__YOUR INSTRUCTIONS__.
Find the lines of the material below that include the string "blind", then copy each one.

__RECORDS FOR PROCESSING__.

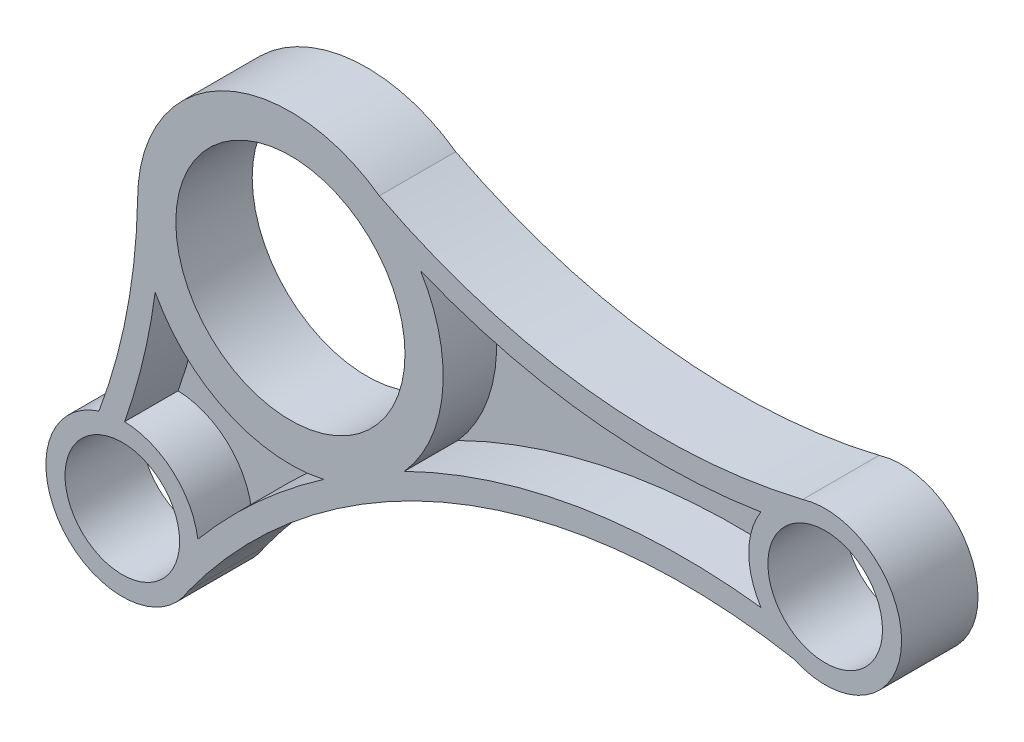
SolidWorks part; units mm, degrees
ref_plane "Front Plane" through (0, 0, 0) normal (0, 0, 1) x (1, 0, 0)
ref_plane "Top Plane" through (0, 0, 0) normal (0, 1, 0) x (1, 0, 0)
ref_plane "Right Plane" through (0, 0, 0) normal (1, 0, 0) x (0, 0, -1)
sketch "Sketch3" plane through (0, 0, 0) normal (0, 0, 1) x (1, 0, 0)
  circle A1 centre (176.9454, 56.9314) radius 10
  circle A3 centre (176.9454, 56.9314) radius 7.5
  circle A6 centre (84.9454, 20.9314) radius 10
  circle A7 centre (84.9454, 20.9314) radius 7.5
  arc A8 (172.7923, 47.8346) -> (93.5995, 15.9208) centre (158.4848, -30.8756) ccw
  arc A9 (174.0026, 66.4886) -> (118.5819, 73.1977) centre (155.3025, 144.2723) cw
  arc A10 (86.9454, 56.9314) -> (81.8842, 30.4513) centre (6.9607, 58.4954) cw
  arc A11 (168.5299, 62.3331) -> (123.9814, 67.4089) centre (155.3025, 144.2723) cw
  arc A12 (111.3077, 37.413) -> (94.8374, 22.3973) centre (158.4848, -30.8756) ccw
  arc A13 (89.2452, 47.6201) -> (85.2485, 30.9268) centre (6.9607, 58.4954) cw
  arc A14 (168.5299, 62.3331) -> (123.9814, 67.4089) centre (155.3025, 144.2723) cw
  arc A15 (174.7039, 63.5717) -> (117.2049, 70.5324) centre (155.3025, 144.2723) cw construction
  arc A16 (174.7039, 63.5717) -> (117.2049, 70.5324) centre (155.3025, 144.2723) cw construction
  arc A17 (168.5406, 51.513) -> (121.8606, 43.6071) centre (158.4848, -30.8756) ccw
  arc A18 (89.9449, 56.8728) -> (84.6938, 29.3997) centre (6.9607, 58.4954) cw construction
  circle A19 centre (106.9454, 56.9314) radius 15
  circle A20 centre (106.9454, 56.9314) radius 20
  point P36 (0, 0)
  dimension "D1" = 20
  dimension "D2" = 15
  dimension "D3" = 70
  dimension "D4" = 30
  dimension "D5" = 40
  dimension "D7" = 22
  dimension "D10" = 15
  dimension "D8" = 36
  dimension "D13" = 3
  dimension "D15" = 3
extrude "Boss-Extrude1" add sketch "Sketch3" along normal blind 10 contours A20 A12 A6 A8 A1 A17 | A20 A10 A6 A13 | A20 A11 A1 A9 | A20 A19 | A6 A7 | A1 A3
sketch "Sketch4" plane through (0, 0, 0) normal (0, 0, 1) x (1, 0, 0)
  arc A0 (94.8374, 22.3973) -> (85.2485, 30.9268) centre (84.9454, 20.9314) ccw construction
  arc A1 (85.2485, 30.9268) -> (89.2452, 47.6201) centre (6.9607, 58.4954) ccw construction
  arc A2 (89.2452, 47.6201) -> (111.3077, 37.413) centre (106.9454, 56.9314) ccw construction
  arc A3 (111.3077, 37.413) -> (94.8374, 22.3973) centre (158.4848, -30.8756) ccw construction
  arc A4 (94.8374, 22.3973) -> (85.2485, 30.9268) centre (84.9454, 20.9314) ccw
  arc A5 (85.2485, 30.9268) -> (89.2452, 47.6201) centre (6.9607, 58.4954) ccw
  arc A6 (89.2452, 47.6201) -> (111.3077, 37.413) centre (106.9454, 56.9314) ccw
  arc A7 (111.3077, 37.413) -> (94.8374, 22.3973) centre (158.4848, -30.8756) ccw
  arc A8 (168.5299, 62.3331) -> (168.5406, 51.513) centre (176.9454, 56.9314) ccw construction
  arc A9 (168.5406, 51.513) -> (121.8606, 43.6071) centre (158.4848, -30.8756) ccw construction
  arc A10 (123.9814, 67.4089) -> (168.5299, 62.3331) centre (155.3025, 144.2723) ccw construction
  arc A11 (121.8606, 43.6071) -> (123.9814, 67.4089) centre (106.9454, 56.9314) ccw construction
  arc A12 (168.5299, 62.3331) -> (168.5406, 51.513) centre (176.9454, 56.9314) ccw
  arc A13 (168.5406, 51.513) -> (121.8606, 43.6071) centre (158.4848, -30.8756) ccw
  arc A14 (123.9814, 67.4089) -> (168.5299, 62.3331) centre (155.3025, 144.2723) ccw
  arc A15 (121.8606, 43.6071) -> (123.9814, 67.4089) centre (106.9454, 56.9314) ccw
extrude "Boss-Extrude3" add sketch "Sketch4" along normal blind 3

__RESULT__.
extrude "Boss-Extrude1" add sketch "Sketch3" along normal blind 10 contours A20 A12 A6 A8 A1 A17 | A20 A10 A6 A13 | A20 A11 A1 A9 | A20 A19 | A6 A7 | A1 A3
extrude "Boss-Extrude3" add sketch "Sketch4" along normal blind 3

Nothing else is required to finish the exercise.